My response: Is wealth created when you go to a barber and have your hair cut? Of course it is. You pay the barber out of your after-tax income, which is your wealth, and he adds it to his after-tax income, which is his wealth. $10 has changed hands, and nothing seems to have been created in dollar terms, yet your hair is cut. That is the gain to society. If society is run so poorly that you cannot afford to have your hair cut, there is no work for the barber and his wealth is diminished. What does he do with the $10. He now has the wherewithal, the wealth if you will, to come to you and ask you to cut his grass this weekend. At the end of the weekend, the $10 has made a round-trip, no wealth seems to have been created in the sense you meant it, yet your hair is cut and his grass is cut. When the government is able to keep track of such transactions, it will demand some of the $10 you pay the barber and will then demand some of the $10 the barber pays you. Up to a point, it's worth it in a complex society to give the government its due, because it has provided the "money" instead of you having to barter a haircut for a grasscut. In a complex society, you really don't have time to walk around the community with a sign saying "Will cut grass for haircut."

Now, you can increase your wealth if you can learn to cut grass better or faster, which means you can either charge more than $10 or can get $10 for a half-hour of work instead of an hour.

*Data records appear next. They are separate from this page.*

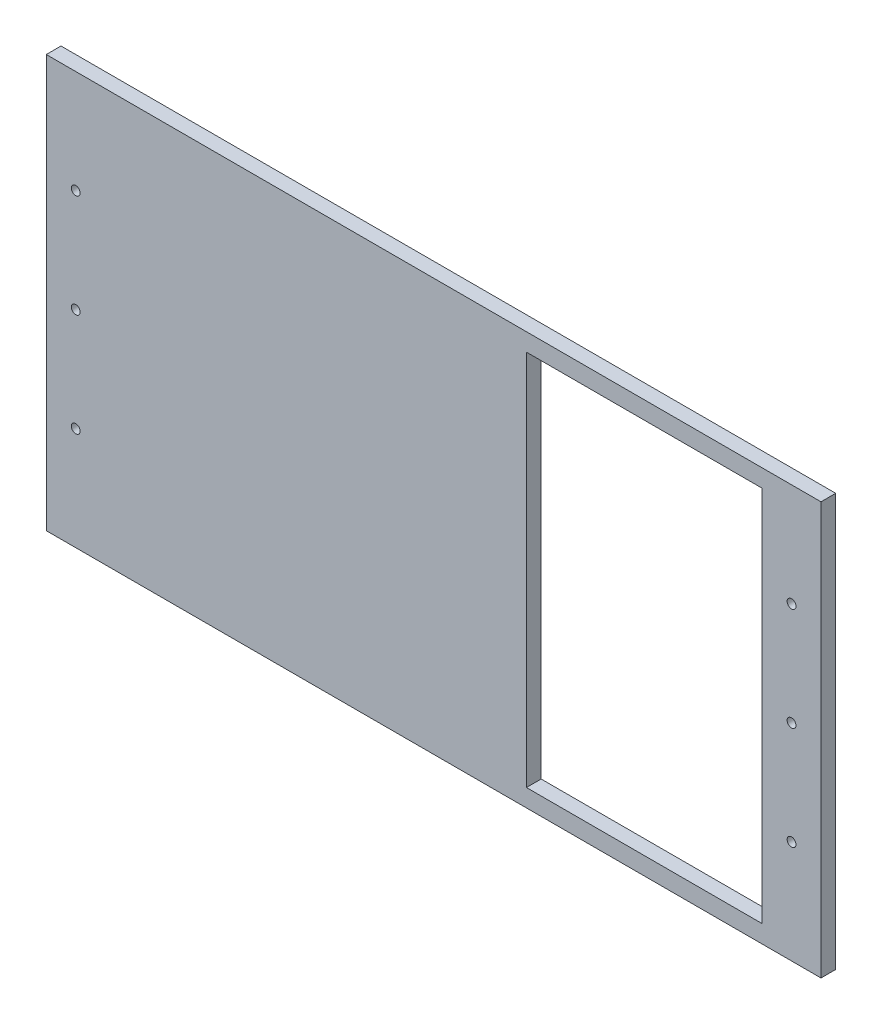
ISO-10303-21;
HEADER;
FILE_DESCRIPTION(('STEP AP214'),'2;1');
FILE_NAME('part.step','',(''),(''),'','','');
FILE_SCHEMA(('AUTOMOTIVE_DESIGN { 1 0 10303 214 1 1 1 1 }'));
ENDSEC;
DATA;
#1=APPLICATION_CONTEXT('core data for automotive mechanical design processes');
#2=APPLICATION_PROTOCOL_DEFINITION('international standard','automotive_design',2000,#1);
#3=PRODUCT_CONTEXT('',#1,'mechanical');
#4=PRODUCT('Part','Part','',(#3));
#5=PRODUCT_RELATED_PRODUCT_CATEGORY('part','',(#4));
#6=PRODUCT_DEFINITION_FORMATION('','',#4);
#7=PRODUCT_DEFINITION_CONTEXT('part definition',#1,'design');
#8=PRODUCT_DEFINITION('design','',#6,#7);
#9=PRODUCT_DEFINITION_SHAPE('','',#8);
#10=(LENGTH_UNIT() NAMED_UNIT(*) SI_UNIT(.MILLI.,.METRE.));
#11=(NAMED_UNIT(*) PLANE_ANGLE_UNIT() SI_UNIT($,.RADIAN.));
#12=(NAMED_UNIT(*) SI_UNIT($,.STERADIAN.) SOLID_ANGLE_UNIT());
#13=UNCERTAINTY_MEASURE_WITH_UNIT(LENGTH_MEASURE(1.E-05),#10,'distance_accuracy_value','');
#14=(GEOMETRIC_REPRESENTATION_CONTEXT(3) GLOBAL_UNCERTAINTY_ASSIGNED_CONTEXT((#13)) GLOBAL_UNIT_ASSIGNED_CONTEXT((#10,
#11,#12)) REPRESENTATION_CONTEXT('',''));
#15=CARTESIAN_POINT('',(0.,0.,0.));
#16=DIRECTION('',(0.,0.,1.));
#17=DIRECTION('',(1.,0.,0.));
#18=AXIS2_PLACEMENT_3D('',#15,#16,#17);
#19=CARTESIAN_POINT('',(0.,0.,5.));
#20=DIRECTION('',(0.,0.,-1.));
#21=DIRECTION('',(-1.,0.,0.));
#22=AXIS2_PLACEMENT_3D('',#19,#20,#21);
#23=PLANE('',#22);
#24=DIRECTION('',(0.,1.,0.));
#25=VECTOR('',#24,1.);
#26=CARTESIAN_POINT('',(131.5,-70.,5.));
#27=LINE('',#26,#25);
#28=CARTESIAN_POINT('',(131.5,-70.,5.));
#29=VERTEX_POINT('',#28);
#30=CARTESIAN_POINT('',(131.5,70.,5.));
#31=VERTEX_POINT('',#30);
#32=EDGE_CURVE('E156',#29,#31,#27,.T.);
#33=ORIENTED_EDGE('',*,*,#32,.T.);
#34=DIRECTION('',(-1.,0.,0.));
#35=VECTOR('',#34,1.);
#36=CARTESIAN_POINT('',(-131.5,70.,5.));
#37=LINE('',#36,#35);
#38=CARTESIAN_POINT('',(-131.5,70.,5.));
#39=VERTEX_POINT('',#38);
#40=EDGE_CURVE('E160',#31,#39,#37,.T.);
#41=ORIENTED_EDGE('',*,*,#40,.T.);
#42=DIRECTION('',(0.,-1.,0.));
#43=VECTOR('',#42,1.);
#44=CARTESIAN_POINT('',(-131.5,-70.,5.));
#45=LINE('',#44,#43);
#46=CARTESIAN_POINT('',(-131.5,-70.,5.));
#47=VERTEX_POINT('',#46);
#48=EDGE_CURVE('E164',#39,#47,#45,.T.);
#49=ORIENTED_EDGE('',*,*,#48,.T.);
#50=DIRECTION('',(1.,0.,0.));
#51=VECTOR('',#50,1.);
#52=CARTESIAN_POINT('',(-131.5,-70.,5.));
#53=LINE('',#52,#51);
#54=EDGE_CURVE('E167',#47,#29,#53,.T.);
#55=ORIENTED_EDGE('',*,*,#54,.T.);
#56=EDGE_LOOP('',(#33,#41,#49,#55));
#57=FACE_BOUND('',#56,.T.);
#58=DIRECTION('',(0.,-1.,0.));
#59=VECTOR('',#58,1.);
#60=CARTESIAN_POINT('',(31.5,64.,5.));
#61=LINE('',#60,#59);
#62=CARTESIAN_POINT('',(31.5,64.,5.));
#63=VERTEX_POINT('',#62);
#64=CARTESIAN_POINT('',(31.5,-64.,5.));
#65=VERTEX_POINT('',#64);
#66=EDGE_CURVE('E105',#63,#65,#61,.T.);
#67=ORIENTED_EDGE('',*,*,#66,.F.);
#68=DIRECTION('',(-1.,0.,0.));
#69=VECTOR('',#68,1.);
#70=CARTESIAN_POINT('',(31.5,64.,5.));
#71=LINE('',#70,#69);
#72=CARTESIAN_POINT('',(111.5,64.,5.));
#73=VERTEX_POINT('',#72);
#74=EDGE_CURVE('E132',#73,#63,#71,.T.);
#75=ORIENTED_EDGE('',*,*,#74,.F.);
#76=DIRECTION('',(0.,1.,0.));
#77=VECTOR('',#76,1.);
#78=CARTESIAN_POINT('',(111.5,64.,5.));
#79=LINE('',#78,#77);
#80=CARTESIAN_POINT('',(111.5,-64.,5.));
#81=VERTEX_POINT('',#80);
#82=EDGE_CURVE('E128',#81,#73,#79,.T.);
#83=ORIENTED_EDGE('',*,*,#82,.F.);
#84=DIRECTION('',(1.,0.,0.));
#85=VECTOR('',#84,1.);
#86=CARTESIAN_POINT('',(31.5,-64.,5.));
#87=LINE('',#86,#85);
#88=EDGE_CURVE('E114',#65,#81,#87,.T.);
#89=ORIENTED_EDGE('',*,*,#88,.F.);
#90=EDGE_LOOP('',(#67,#75,#83,#89));
#91=FACE_BOUND('',#90,.T.);
#92=CARTESIAN_POINT('',(-121.5,35.,5.));
#93=DIRECTION('',(0.,0.,1.));
#94=DIRECTION('',(1.,0.,0.));
#95=AXIS2_PLACEMENT_3D('',#92,#93,#94);
#96=CIRCLE('',#95,1.5);
#97=CARTESIAN_POINT('',(-120.,35.,5.));
#98=VERTEX_POINT('',#97);
#99=EDGE_CURVE('E140',#98,#98,#96,.T.);
#100=ORIENTED_EDGE('',*,*,#99,.F.);
#101=EDGE_LOOP('',(#100));
#102=FACE_BOUND('',#101,.T.);
#103=CARTESIAN_POINT('',(-121.5,0.,5.));
#104=DIRECTION('',(0.,0.,1.));
#105=DIRECTION('',(1.,0.,0.));
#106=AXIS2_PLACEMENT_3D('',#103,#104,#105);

If you can rent a power mower instead of a manual mower, you are essentially investing after-tax income on the chance that it will increase your earning power. If you dream up a better way of building a power mower, and can get it patented, you can sell it or lease it to thousands or millions of grass cutters, and you will become enormously wealthy, with more money than you can possibly spend on haircuts or anything else in your lifetime.

But what about gambling? Gambling resorts provide services that are the equivalent of hair cuts. You take $100 to a casino and over an evening's time at the slot machines, you leave it there. The casino has the $100, and you have the equivalent of a hair cut -- except in this case you have acquired an evening's worth of entertainment as well as the opportunity to increase your wealth in the process, if you are lucky. The people who own the casinos are nothing more than bankers -- financial intermediaries is the usual expression -- who arrange a place where the fellow who cuts hair and the fellow who cuts grass bring their day's wages, say $100, for fun and possible profit. The amount the casino owner takes from each transaction is quite precise, although occasionally someone will figure out how to beat the odds -- say by counting cards at blackjack. If you shoot craps, over the course of an evening, the casino takes about 1.5% from each transaction, whether you are betting with the house or against the house. This 1.5% is the equivalent of a fee you are prepared to pay a bank to put you together with people who have more money than they need to spend, and wish to have it put to use -- say in the construction of a home -- which you will pay back over time, with interest. Part of the interest goes to the bank, part to the bank depositor.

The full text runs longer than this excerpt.